* Data extract *
"""

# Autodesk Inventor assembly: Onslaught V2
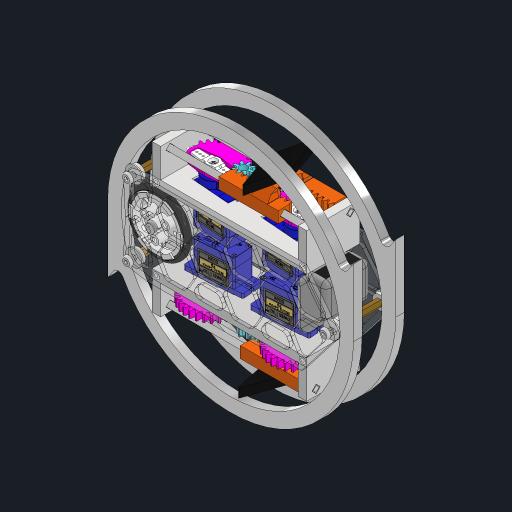
[picture p0: Inventor's stored thumbnail of the model, 512x512]
Saved by Autodesk Inventor 2023.2 (Build 272271030, 271C)
## iProperties
Created: 2024-02-26
Part Number: Onslaught V2
Document SubType Name: Assembly
Designer: robpl
Author: robpl
## Documents named in this file (9)
- C:\Users\robpl\OneDrive\Documents\Arduino\Onslaught\CAD\Onslaught V2.iam
- C:\Users\robpl\OneDrive\Documents\Arduino\Onslaught\CAD\Onslaught V2\Leg Module.iam
- C:\Users\robpl\OneDrive\Documents\Arduino\Onslaught\CAD\Ar620.ipt
- C:\Users\robpl\OneDrive\Documents\Arduino\Onslaught\CAD\BLHeli 12A ESC.ipt
- C:\Users\robpl\OneDrive\Documents\Arduino\Onslaught\CAD\Emax 1806 2280kv.ipt
- C:\Users\robpl\OneDrive\Documents\Arduino\Onslaught\CAD\Onslaught V2\Main Plate.ipt
- C:\Users\robpl\OneDrive\Documents\Arduino\Onslaught\CAD\tamiya-slim-tire-set-1.snapshot.2\36mm Slim Tamiya.iam
- C:\Users\robpl\OneDrive\Documents\Arduino\Onslaught\CAD\Onslaught V2\Bearing Assembly.iam
- C:\Users\robpl\OneDrive\Documents\Arduino\Onslaught\CAD\Onslaught V2\Ring.iam
## Components (12 placed, 8 different names)
1. Leg Module:1 [sub-assembly] — Flush:1, Flush:3, Flush:4, Mate:2, Flush:5, Mate:9, Mate:10, Mate:19, Mate:21
2. Leg Module:2 [sub-assembly] — Flush:1, Flush:6, Flush:7, Mate:7, Mate:8, Mate:11, Mate:20
3. Ar620:1 — Flush:3
4. BLHeli 12A ESC:1 — Flush:4, Mate:2, Flush:5
5. Emax 1806 2280kv:1 — Flush:6, Mate:5, Mate:6, Mate:12, Mate:13
6. Main Plate:1 — Mate:7, Mate:8, Mate:9, Mate:10, Mate:11, Mate:12, Mate:13, Mate:14, Mate:15, Mate:16, Mate:17, Mate:18
7. 36mm Slim Tamiya:1 [sub-assembly] — Mate:5, Mate:6
8. Bearing Assembly:1 [sub-assembly] — Flush:7, Mate:14, Tangent:2
9. Bearing Assembly:2 [sub-assembly] — Mate:17, Mate:18, Mate:22
10. Bearing Assembly:3 [sub-assembly] — Mate:15, Mate:16, Tangent:1
11. Main Plate:2 — Mate:19, Mate:20, Mate:21
12. Ring:1 [sub-assembly] — Mate:22, Tangent:1, Tangent:2
## Relationships (27: Mate 19, Flush 6, Tangent 2)
- Flush:1: Leg Module:1 ↔ Leg Module:2
- Flush:3: Leg Module:1 ↔ Ar620:1
- Flush:4: Leg Module:1 ↔ BLHeli 12A ESC:1
- Mate:2 (10 mm): Leg Module:1 ↔ BLHeli 12A ESC:1
- Flush:5 (20 mm): Leg Module:1 ↔ BLHeli 12A ESC:1
- Flush:6 (8 mm): Leg Module:2 ↔ Emax 1806 2280kv:1
- Mate:5: Emax 1806 2280kv:1 ↔ 36mm Slim Tamiya:1
- Mate:6: Emax 1806 2280kv:1 ↔ 36mm Slim Tamiya:1
- Flush:7: Leg Module:2 ↔ Bearing Assembly:1
- Mate:7: Leg Module:2 ↔ Main Plate:1
- Mate:8: Leg Module:2 ↔ Main Plate:1
- Mate:9: Leg Module:1 ↔ Main Plate:1
- Mate:10: Leg Module:1 ↔ Main Plate:1
- Mate:11: Leg Module:2 ↔ Main Plate:1
- Mate:12: Emax 1806 2280kv:1 ↔ Main Plate:1
- Mate:13: Emax 1806 2280kv:1 ↔ Main Plate:1
- Mate:14: Main Plate:1 ↔ Bearing Assembly:1
- Mate:15: Main Plate:1 ↔ Bearing Assembly:3
- Mate:16: Main Plate:1 ↔ Bearing Assembly:3
- Mate:17: Main Plate:1 ↔ Bearing Assembly:2
- Mate:18: Main Plate:1 ↔ Bearing Assembly:2
- Mate:19: Leg Module:1 ↔ Main Plate:2
- Mate:20: Leg Module:2 ↔ Main Plate:2
- Mate:21: Leg Module:1 ↔ Main Plate:2
- Mate:22: Bearing Assembly:2 ↔ Ring:1
- Tangent:1: Bearing Assembly:3 ↔ Ring:1
- Tangent:2: Bearing Assembly:1 ↔ Ring:1

"""

* Task requirements *
In the listing above, find the line with "## Documents named in this file (9)" and the line with "6. Main Plate:1". Output those two lines and every line between them, exactly as written.

* Response to this task *
## Documents named in this file (9)
- C:\Users\robpl\OneDrive\Documents\Arduino\Onslaught\CAD\Onslaught V2.iam
- C:\Users\robpl\OneDrive\Documents\Arduino\Onslaught\CAD\Onslaught V2\Leg Module.iam
- C:\Users\robpl\OneDrive\Documents\Arduino\Onslaught\CAD\Ar620.ipt
- C:\Users\robpl\OneDrive\Documents\Arduino\Onslaught\CAD\BLHeli 12A ESC.ipt
- C:\Users\robpl\OneDrive\Documents\Arduino\Onslaught\CAD\Emax 1806 2280kv.ipt
- C:\Users\robpl\OneDrive\Documents\Arduino\Onslaught\CAD\Onslaught V2\Main Plate.ipt
- C:\Users\robpl\OneDrive\Documents\Arduino\Onslaught\CAD\tamiya-slim-tire-set-1.snapshot.2\36mm Slim Tamiya.iam
- C:\Users\robpl\OneDrive\Documents\Arduino\Onslaught\CAD\Onslaught V2\Bearing Assembly.iam
- C:\Users\robpl\OneDrive\Documents\Arduino\Onslaught\CAD\Onslaught V2\Ring.iam
## Components (12 placed, 8 different names)
1. Leg Module:1 [sub-assembly] — Flush:1, Flush:3, Flush:4, Mate:2, Flush:5, Mate:9, Mate:10, Mate:19, Mate:21
2. Leg Module:2 [sub-assembly] — Flush:1, Flush:6, Flush:7, Mate:7, Mate:8, Mate:11, Mate:20
3. Ar620:1 — Flush:3
4. BLHeli 12A ESC:1 — Flush:4, Mate:2, Flush:5
5. Emax 1806 2280kv:1 — Flush:6, Mate:5, Mate:6, Mate:12, Mate:13
6. Main Plate:1 — Mate:7, Mate:8, Mate:9, Mate:10, Mate:11, Mate:12, Mate:13, Mate:14, Mate:15, Mate:16, Mate:17, Mate:18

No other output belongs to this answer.